*What you have to do*
Reproduce precisely the lines between the start of the data below and the line with "settings GRTTargetCC: ParMdlRefBuildCompliant=off", both included.

(Stored entries)
◆ ◆ ◆ ◆ ◆ ◆ ◆

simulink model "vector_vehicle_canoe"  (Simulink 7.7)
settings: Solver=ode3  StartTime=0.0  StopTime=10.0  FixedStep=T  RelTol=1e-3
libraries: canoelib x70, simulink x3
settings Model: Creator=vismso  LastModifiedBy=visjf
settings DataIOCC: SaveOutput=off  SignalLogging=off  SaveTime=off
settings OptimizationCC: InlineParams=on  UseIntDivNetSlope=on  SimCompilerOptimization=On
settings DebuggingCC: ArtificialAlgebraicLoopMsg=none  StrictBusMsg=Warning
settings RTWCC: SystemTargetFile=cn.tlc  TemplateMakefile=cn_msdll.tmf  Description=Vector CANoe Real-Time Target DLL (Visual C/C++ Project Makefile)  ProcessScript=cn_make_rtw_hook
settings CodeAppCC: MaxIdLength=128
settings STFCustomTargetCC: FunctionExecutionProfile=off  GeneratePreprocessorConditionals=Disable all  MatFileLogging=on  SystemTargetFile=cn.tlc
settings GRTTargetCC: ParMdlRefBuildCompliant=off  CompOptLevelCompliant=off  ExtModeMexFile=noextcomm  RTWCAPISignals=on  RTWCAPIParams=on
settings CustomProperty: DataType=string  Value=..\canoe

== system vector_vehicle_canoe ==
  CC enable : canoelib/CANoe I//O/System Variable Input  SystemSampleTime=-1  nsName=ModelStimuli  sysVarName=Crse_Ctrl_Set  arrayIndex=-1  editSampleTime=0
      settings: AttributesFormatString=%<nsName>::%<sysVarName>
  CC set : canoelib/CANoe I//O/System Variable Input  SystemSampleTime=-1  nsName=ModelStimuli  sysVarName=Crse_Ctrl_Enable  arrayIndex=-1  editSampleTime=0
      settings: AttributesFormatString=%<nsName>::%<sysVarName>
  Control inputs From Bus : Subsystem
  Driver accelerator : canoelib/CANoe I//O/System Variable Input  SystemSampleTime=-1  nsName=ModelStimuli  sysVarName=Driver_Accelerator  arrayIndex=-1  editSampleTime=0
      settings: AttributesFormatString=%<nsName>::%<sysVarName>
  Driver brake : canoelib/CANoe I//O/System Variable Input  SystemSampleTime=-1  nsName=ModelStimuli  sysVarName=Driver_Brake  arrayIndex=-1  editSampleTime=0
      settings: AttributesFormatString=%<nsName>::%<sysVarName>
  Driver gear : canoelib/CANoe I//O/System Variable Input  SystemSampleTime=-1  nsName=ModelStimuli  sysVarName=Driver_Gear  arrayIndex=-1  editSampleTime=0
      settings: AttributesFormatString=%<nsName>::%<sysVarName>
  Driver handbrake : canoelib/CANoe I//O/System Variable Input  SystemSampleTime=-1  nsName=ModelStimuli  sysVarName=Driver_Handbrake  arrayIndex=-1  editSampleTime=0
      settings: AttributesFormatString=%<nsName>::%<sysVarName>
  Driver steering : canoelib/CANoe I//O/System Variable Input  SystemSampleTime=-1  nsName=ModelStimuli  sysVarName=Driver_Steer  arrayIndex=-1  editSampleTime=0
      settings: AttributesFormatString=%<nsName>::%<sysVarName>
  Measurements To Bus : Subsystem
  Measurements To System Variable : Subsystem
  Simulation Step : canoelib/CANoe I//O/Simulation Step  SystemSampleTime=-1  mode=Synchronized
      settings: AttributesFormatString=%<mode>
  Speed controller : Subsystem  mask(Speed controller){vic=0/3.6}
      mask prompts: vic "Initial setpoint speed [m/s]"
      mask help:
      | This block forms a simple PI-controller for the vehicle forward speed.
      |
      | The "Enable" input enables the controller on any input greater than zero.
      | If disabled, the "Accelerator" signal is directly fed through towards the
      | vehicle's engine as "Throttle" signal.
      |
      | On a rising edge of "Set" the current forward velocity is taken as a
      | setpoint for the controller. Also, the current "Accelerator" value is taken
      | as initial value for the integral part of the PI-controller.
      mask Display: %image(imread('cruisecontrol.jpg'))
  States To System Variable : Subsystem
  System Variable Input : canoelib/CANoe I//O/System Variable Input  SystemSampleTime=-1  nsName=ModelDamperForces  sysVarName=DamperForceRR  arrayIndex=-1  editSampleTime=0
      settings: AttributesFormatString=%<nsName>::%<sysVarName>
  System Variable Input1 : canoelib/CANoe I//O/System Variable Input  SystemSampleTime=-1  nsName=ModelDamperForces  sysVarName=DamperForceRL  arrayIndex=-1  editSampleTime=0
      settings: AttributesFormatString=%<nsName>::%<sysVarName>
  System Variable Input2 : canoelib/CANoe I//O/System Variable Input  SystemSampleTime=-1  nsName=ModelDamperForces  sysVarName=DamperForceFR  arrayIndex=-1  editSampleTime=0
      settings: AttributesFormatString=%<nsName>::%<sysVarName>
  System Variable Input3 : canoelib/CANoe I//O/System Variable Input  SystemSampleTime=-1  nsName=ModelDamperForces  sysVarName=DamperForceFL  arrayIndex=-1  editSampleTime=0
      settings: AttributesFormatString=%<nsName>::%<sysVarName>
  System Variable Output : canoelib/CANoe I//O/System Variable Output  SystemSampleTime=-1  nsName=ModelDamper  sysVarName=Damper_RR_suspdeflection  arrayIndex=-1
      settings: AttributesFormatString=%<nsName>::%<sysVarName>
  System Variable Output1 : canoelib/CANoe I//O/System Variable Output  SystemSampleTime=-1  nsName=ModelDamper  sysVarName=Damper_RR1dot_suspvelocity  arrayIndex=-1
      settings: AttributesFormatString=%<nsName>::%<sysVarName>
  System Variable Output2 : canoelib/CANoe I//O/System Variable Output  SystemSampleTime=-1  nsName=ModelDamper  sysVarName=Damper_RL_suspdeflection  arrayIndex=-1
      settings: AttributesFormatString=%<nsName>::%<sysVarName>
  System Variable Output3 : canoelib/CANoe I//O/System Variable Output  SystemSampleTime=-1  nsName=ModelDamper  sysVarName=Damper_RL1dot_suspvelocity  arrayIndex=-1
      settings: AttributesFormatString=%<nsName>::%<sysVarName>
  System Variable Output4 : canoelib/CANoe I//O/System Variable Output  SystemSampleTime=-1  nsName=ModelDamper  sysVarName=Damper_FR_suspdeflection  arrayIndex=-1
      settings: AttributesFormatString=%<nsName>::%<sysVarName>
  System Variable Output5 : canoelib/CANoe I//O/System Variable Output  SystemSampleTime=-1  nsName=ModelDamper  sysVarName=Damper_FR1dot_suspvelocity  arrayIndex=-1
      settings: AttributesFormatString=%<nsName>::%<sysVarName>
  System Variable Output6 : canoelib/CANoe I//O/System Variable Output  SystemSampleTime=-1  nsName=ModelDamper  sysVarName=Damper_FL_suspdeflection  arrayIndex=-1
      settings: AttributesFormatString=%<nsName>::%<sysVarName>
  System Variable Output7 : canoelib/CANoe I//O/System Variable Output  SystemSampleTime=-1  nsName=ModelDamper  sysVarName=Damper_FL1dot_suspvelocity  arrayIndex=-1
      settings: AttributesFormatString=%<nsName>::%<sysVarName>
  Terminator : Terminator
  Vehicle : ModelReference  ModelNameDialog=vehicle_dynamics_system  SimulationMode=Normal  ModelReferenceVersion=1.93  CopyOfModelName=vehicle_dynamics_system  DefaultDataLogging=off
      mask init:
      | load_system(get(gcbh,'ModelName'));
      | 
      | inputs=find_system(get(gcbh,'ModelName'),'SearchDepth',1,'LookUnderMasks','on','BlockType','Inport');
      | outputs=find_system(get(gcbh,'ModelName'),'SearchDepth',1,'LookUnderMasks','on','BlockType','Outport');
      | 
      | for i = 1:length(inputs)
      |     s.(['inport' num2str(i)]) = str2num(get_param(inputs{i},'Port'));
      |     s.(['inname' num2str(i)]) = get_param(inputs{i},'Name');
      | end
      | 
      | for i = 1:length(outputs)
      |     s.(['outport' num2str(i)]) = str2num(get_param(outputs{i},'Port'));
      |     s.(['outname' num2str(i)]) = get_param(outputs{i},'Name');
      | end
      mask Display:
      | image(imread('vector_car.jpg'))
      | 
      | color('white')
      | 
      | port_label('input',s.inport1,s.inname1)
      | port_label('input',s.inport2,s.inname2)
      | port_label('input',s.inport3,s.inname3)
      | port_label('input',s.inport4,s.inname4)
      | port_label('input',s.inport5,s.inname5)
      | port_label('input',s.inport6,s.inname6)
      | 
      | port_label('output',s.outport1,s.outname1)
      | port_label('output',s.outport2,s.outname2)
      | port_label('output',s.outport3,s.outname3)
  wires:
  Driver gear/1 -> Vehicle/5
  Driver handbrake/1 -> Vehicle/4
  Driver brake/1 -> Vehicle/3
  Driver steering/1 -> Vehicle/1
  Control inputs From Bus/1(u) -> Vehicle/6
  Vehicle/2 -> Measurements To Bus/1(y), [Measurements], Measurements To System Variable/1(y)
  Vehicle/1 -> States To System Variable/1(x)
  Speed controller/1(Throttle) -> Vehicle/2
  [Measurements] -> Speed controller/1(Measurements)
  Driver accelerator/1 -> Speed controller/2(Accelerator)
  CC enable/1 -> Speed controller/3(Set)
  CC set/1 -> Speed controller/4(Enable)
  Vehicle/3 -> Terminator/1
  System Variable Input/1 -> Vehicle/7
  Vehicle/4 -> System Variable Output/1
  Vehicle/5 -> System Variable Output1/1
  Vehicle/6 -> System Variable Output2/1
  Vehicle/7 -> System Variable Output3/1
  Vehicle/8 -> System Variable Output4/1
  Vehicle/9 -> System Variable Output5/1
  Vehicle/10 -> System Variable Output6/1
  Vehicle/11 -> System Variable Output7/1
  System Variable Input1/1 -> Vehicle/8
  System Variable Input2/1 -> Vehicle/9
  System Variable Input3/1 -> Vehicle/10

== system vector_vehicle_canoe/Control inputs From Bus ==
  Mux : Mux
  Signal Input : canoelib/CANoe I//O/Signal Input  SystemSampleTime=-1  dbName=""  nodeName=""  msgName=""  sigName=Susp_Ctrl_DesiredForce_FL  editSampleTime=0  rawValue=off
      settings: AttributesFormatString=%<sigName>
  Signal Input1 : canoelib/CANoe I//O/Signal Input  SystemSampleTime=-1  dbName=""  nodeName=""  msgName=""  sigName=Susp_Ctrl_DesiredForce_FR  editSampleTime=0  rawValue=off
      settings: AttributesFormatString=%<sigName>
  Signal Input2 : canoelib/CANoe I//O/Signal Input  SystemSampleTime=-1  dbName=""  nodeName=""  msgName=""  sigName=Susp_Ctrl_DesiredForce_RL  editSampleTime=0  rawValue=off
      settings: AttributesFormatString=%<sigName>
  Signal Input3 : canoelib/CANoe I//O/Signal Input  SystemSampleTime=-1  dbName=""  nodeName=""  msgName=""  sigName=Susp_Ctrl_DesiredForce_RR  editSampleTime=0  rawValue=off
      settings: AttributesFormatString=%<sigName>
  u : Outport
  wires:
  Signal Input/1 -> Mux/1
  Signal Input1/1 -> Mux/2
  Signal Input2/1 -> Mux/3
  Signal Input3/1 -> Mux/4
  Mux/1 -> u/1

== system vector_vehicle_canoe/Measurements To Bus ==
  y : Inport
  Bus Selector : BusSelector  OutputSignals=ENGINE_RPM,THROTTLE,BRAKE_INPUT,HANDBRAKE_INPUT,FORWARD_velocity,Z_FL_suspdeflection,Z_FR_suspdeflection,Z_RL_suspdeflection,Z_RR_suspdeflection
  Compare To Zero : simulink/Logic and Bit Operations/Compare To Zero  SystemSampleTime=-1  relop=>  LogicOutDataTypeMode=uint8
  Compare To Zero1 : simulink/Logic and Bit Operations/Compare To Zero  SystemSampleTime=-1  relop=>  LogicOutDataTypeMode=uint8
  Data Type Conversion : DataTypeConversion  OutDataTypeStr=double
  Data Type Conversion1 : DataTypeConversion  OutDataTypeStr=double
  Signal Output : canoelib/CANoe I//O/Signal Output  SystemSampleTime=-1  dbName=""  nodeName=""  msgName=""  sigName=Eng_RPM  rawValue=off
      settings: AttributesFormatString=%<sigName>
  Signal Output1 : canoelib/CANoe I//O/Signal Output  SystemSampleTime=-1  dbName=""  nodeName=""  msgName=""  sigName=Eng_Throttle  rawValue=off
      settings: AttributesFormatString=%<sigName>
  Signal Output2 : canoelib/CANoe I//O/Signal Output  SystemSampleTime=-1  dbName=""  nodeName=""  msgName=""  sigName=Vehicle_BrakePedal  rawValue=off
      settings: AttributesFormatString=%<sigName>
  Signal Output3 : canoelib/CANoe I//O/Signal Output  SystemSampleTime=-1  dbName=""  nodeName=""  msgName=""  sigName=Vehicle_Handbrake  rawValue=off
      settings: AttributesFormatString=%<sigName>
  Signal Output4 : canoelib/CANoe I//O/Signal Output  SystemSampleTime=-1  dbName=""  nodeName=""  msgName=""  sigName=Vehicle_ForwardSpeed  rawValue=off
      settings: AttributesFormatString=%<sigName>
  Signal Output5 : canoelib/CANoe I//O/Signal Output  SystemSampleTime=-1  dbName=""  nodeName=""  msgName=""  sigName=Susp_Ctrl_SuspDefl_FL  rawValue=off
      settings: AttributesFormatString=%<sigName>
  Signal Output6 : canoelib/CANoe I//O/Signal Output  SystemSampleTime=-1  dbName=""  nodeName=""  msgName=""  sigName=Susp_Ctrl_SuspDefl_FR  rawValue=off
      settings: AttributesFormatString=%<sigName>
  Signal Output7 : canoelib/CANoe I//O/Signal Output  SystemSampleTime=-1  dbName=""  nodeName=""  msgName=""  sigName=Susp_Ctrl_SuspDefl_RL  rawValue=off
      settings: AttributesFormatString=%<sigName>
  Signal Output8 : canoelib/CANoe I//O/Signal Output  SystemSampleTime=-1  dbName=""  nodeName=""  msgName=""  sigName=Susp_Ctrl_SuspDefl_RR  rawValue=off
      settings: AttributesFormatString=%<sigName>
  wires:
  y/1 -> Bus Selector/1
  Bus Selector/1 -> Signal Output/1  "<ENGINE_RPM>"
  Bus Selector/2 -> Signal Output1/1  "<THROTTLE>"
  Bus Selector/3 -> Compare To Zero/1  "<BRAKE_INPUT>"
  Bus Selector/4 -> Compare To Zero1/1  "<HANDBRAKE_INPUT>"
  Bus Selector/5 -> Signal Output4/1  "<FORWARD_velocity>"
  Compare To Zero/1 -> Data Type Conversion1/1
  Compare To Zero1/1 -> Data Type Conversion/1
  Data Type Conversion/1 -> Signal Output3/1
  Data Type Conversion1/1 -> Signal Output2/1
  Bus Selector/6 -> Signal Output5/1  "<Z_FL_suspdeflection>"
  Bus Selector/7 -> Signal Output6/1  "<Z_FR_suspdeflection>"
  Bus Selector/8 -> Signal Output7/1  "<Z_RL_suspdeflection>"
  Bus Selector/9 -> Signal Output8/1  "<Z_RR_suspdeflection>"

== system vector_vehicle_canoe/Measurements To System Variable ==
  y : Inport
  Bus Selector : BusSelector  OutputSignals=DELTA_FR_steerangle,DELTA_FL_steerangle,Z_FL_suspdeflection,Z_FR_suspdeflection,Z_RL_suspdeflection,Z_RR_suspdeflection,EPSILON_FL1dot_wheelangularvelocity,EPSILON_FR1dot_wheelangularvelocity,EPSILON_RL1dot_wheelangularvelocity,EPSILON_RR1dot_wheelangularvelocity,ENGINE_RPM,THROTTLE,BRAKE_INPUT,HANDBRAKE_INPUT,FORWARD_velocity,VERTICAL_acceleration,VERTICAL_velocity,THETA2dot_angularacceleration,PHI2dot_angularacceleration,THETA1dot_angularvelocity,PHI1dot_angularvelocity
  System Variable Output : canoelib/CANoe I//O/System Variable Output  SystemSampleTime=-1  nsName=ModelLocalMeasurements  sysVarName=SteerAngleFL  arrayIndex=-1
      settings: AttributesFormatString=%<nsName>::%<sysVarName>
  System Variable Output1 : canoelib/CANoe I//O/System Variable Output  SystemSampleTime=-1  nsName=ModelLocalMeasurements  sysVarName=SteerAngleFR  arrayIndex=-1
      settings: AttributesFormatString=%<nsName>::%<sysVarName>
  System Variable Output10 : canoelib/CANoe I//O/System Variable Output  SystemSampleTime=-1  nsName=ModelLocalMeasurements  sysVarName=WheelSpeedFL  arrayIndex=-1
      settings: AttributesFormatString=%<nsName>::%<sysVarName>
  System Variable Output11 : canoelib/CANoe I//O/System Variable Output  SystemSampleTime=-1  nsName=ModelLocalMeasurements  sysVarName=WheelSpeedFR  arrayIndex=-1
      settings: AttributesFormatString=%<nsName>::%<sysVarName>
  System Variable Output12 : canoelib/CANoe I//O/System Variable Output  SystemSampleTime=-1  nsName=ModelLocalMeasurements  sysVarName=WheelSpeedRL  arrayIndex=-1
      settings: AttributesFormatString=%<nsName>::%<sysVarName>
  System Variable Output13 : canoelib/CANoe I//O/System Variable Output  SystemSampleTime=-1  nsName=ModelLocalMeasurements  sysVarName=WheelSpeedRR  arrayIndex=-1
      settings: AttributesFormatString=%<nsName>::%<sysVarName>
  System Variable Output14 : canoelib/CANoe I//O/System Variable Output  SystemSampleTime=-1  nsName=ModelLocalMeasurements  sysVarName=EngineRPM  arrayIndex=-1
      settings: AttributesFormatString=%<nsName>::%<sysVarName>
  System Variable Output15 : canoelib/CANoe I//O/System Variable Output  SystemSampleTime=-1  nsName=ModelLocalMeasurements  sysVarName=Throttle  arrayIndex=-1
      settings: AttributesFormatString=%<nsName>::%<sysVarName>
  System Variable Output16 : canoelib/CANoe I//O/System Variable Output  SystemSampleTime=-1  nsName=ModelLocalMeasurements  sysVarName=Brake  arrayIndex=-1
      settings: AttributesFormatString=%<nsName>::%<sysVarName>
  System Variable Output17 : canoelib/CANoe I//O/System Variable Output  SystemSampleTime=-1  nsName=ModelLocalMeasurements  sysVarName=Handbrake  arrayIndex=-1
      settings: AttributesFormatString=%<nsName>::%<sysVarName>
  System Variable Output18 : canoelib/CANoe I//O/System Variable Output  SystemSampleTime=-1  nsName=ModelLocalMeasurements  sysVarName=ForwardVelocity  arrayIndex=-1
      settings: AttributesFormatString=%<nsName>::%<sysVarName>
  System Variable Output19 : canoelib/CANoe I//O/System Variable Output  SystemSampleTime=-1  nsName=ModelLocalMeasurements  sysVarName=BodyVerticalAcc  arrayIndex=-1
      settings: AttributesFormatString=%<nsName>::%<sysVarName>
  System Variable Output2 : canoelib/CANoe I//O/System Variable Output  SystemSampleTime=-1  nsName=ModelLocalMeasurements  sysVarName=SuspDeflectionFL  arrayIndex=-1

◆ ◆ ◆ ◆ ◆ ◆ ◆

*Response below*
simulink model "vector_vehicle_canoe"  (Simulink 7.7)
settings: Solver=ode3  StartTime=0.0  StopTime=10.0  FixedStep=T  RelTol=1e-3
libraries: canoelib x70, simulink x3
settings Model: Creator=vismso  LastModifiedBy=visjf
settings DataIOCC: SaveOutput=off  SignalLogging=off  SaveTime=off
settings OptimizationCC: InlineParams=on  UseIntDivNetSlope=on  SimCompilerOptimization=On
settings DebuggingCC: ArtificialAlgebraicLoopMsg=none  StrictBusMsg=Warning
settings RTWCC: SystemTargetFile=cn.tlc  TemplateMakefile=cn_msdll.tmf  Description=Vector CANoe Real-Time Target DLL (Visual C/C++ Project Makefile)  ProcessScript=cn_make_rtw_hook
settings CodeAppCC: MaxIdLength=128
settings STFCustomTargetCC: FunctionExecutionProfile=off  GeneratePreprocessorConditionals=Disable all  MatFileLogging=on  SystemTargetFile=cn.tlc
settings GRTTargetCC: ParMdlRefBuildCompliant=off  CompOptLevelCompliant=off  ExtModeMexFile=noextcomm  RTWCAPISignals=on  RTWCAPIParams=on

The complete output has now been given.